川漁師の家に嫁いで42年目の秋が終わろうとしている。
初冬から真冬にかけては天然の青海苔漁。
今ではもう幻となってしまった青海苔がそれは沢山獲れた。
猫の手も借りたいほどの忙しさで私も手伝ったけれど
すでに長男を身籠っておりおまけに慣れない仕事とあって
嫁という立場がこれほど恨めしく思ったことはなかった。
けれども逃げ出すわけにはいかない。郷に入れば郷に従え。
姑の手解きを受けながら次第に慣れて来たように思う。
春の兆しが見え始めれば今度は青さ海苔漁。
舅と姑が収穫して来た青さ海苔を天日干しにしなければならない。
当時は竹で編んだ「えびら」という四角い枠に干していた。
まだ乾燥機は無く雨が降り続いたりしたら忽ち腐ってしまう。
仕方なく捨ててしまったこともあったように記憶している。
無事に天日干しが完了した海苔の異物を取り除く作業もあった。
異物の多いものほど私に任されてなんと根気の要る作業だったか。
臨月も近くなれば立ち仕事も辛くお腹が張り痛む時もあった。
6月無事に長男を出産。とにかくひと月は安静にと言ってもらえる。
姑いわく。出産後の嫁を働かすのは家の恥になるのだそう。
幸い夏場は漁閑期で舅は柴漬け漁で川海老や鰻を獲っていた。
川海老と胡瓜の煮たのなど生まれて初めて食べる美味であった。
鰻は市場に出していたらしくとても貴重な財源だったらしい。
秋になればツガニ漁。これは私の出番がなく
ひたすら育児に専念出来たのだった。
ツガニはモクズ蟹とも呼ばれ上海蟹の味とよく似ているのだそう。
上海蟹などもちろん食べたことなどなかったけれど
ツガニを初めて食べた時の感動は未だに忘れられない。
特に美味しかったのは姑の作る「ふわふわ汁」であった。
石臼でツガニを細かく砕いて醤油味の汁に仕立てるのだけれど
蟹の身が寄せ集まってまさにふわふわの食感であった。
青海苔のふりかけ。
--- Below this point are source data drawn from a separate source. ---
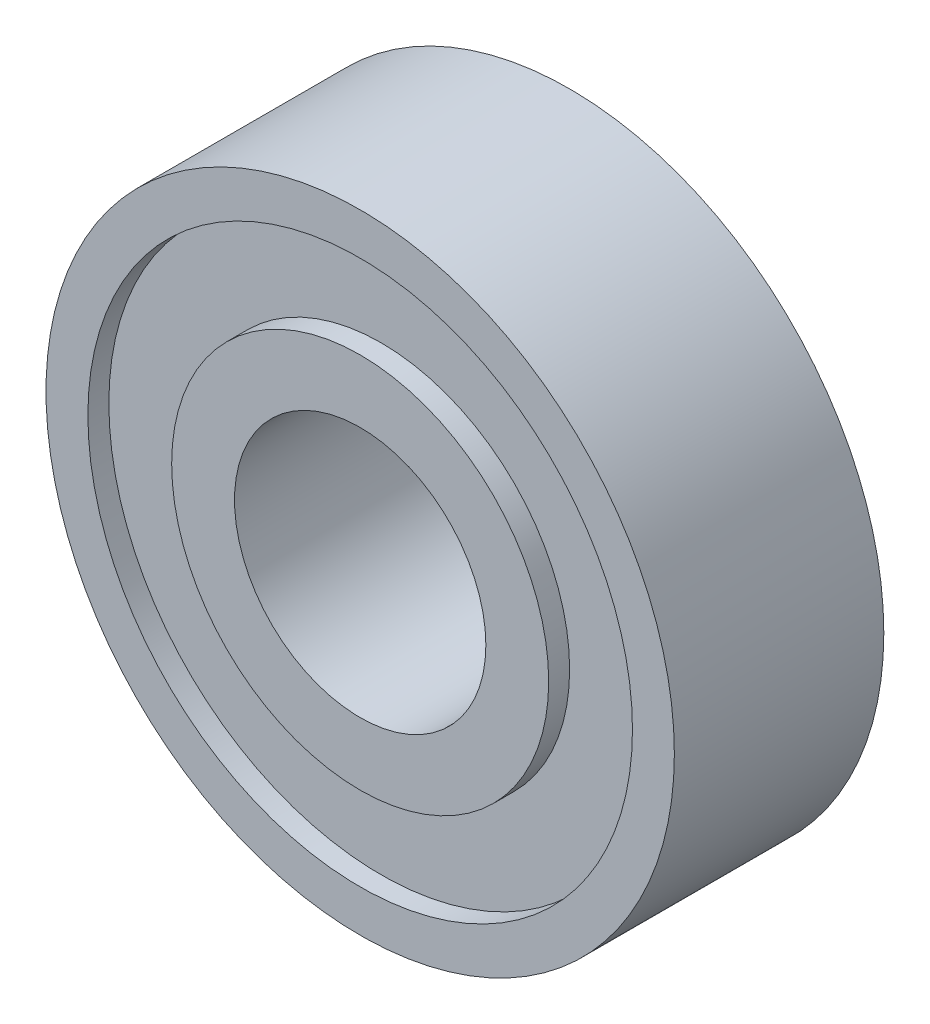
SolidWorks part; units mm, degrees
ref_plane "정면" through (0, 0, 0) normal (0, 0, 1) x (1, 0, 0)
ref_plane "윗면" through (0, 0, 0) normal (0, 1, 0) x (1, 0, 0)
ref_plane "우측면" through (0, 0, 0) normal (1, 0, 0) x (0, 0, -1)
sketch "스케치1" plane through (0, 0, 0) normal (0, 0, 1) x (1, 0, 0)
  circle A0 centre (0, 0) radius 7.5
  circle A1 centre (0, 0) radius 3
  dimension "D1" = 15
  dimension "D2" = 6
extrude "보스-돌출1" add sketch "스케치1" along normal blind 5
sketch "스케치2" plane through (0, 0, 5) normal (0, 0, 1) x (1, 0, 0)
  circle A0 centre (0, 0) radius 4.5
  circle A1 centre (0, 0) radius 3 construction
  circle A2 centre (0, 0) radius 6.5
  dimension "D1" = 1.5
  dimension "D2" = 2
extrude "컷-돌출1" cut sketch "스케치2" against normal blind 0.5
sketch "스케치3" plane through (0, 0, 0) normal (0, 0, -1) x (-1, 0, 0)
  circle A0 centre (0, 0) radius 4.5
  circle A1 centre (0, 0) radius 6.5
  circle A2 centre (0, 0) radius 3 construction
  dimension "D1" = 2
  dimension "D2" = 1.5
extrude "컷-돌출2" cut sketch "스케치3" against normal blind 0.5
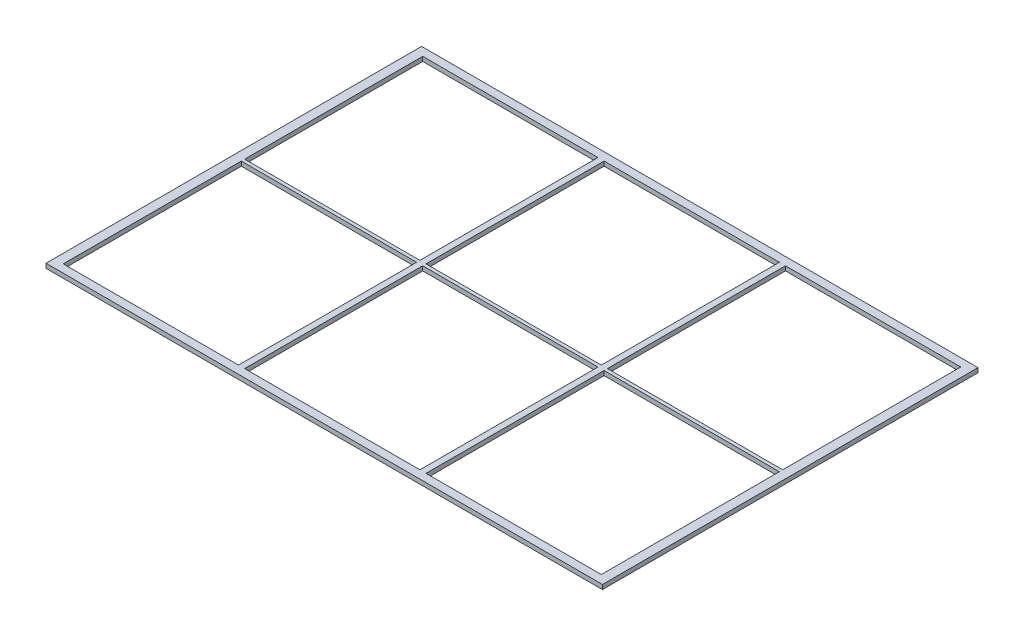
SolidWorks part; units mm, degrees
ref_plane "Front Plane" through (0, 0, 0) normal (0, 0, 1) x (1, 0, 0)
ref_plane "Top Plane" through (0, 0, 0) normal (0, 1, 0) x (1, 0, 0)
ref_plane "Right Plane" through (0, 0, 0) normal (1, 0, 0) x (0, 0, -1)
sketch "Sketch1" plane through (0, 0, 0) normal (0, 1, 0) x (1, 0, 0)
  line L1 (100, -67.5) -> (-100, -67.5)
  line L2 (100, -67.5) -> (100, 67.5)
  line L3 (100, 67.5) -> (-100, 67.5)
  line L4 (-100, -67.5) -> (-100, 67.5)
  line L5 (100, -67.5) -> (-100, 67.5) construction
  line L6 (100, 67.5) -> (-100, -67.5) construction
  point P0 (0, 0)
  dimension "D1" = 200
  dimension "D2" = 135
extrude "Boss-Extrude1" add sketch "Sketch1" along normal blind 1.6
sketch "Sketch2" plane through (0, 1.6, 0) normal (0, 1, 0) x (1, 0, 0)
  line L0 (100, 67.5) -> (-100, 67.5) construction
  line L1 (-96.7, 64.6) -> (-33.7, 64.6)
  line L2 (-96.7, 64.6) -> (-96.7, 0.6)
  line L3 (-96.7, 0.6) -> (-33.7, 0.6)
  line L4 (-33.7, 64.6) -> (-33.7, 0.6)
  line L5 (-100, 67.5) -> (-100, -67.5) construction
  dimension "D1" = 63
  dimension "D2" = 64
  dimension "D3" = 2.9
  dimension "D4" = 3.3
extrude "Cut-Extrude1" cut sketch "Sketch2" against normal blind 1.6
pattern_linear "LPattern1" count 3 spacing 65.2 along (1, 0, 0) count 2 spacing 65.2 along (0, 0, 1) of "Cut-Extrude1"

青さ海苔のかき揚げ。川海老にツガニ。
春夏秋冬の川の恵みにどれほど舌鼓を打ったことだろう。
辛い事もたくさんあったけれど今思えば些細なこと。
それよりも縁あって嫁げたことが何よりの幸せだったと思う。
四万十川の上流で生まれた私は下流まで流れついて来た。
きっとそれは生まれながらの運命だったのだろうと今は思う。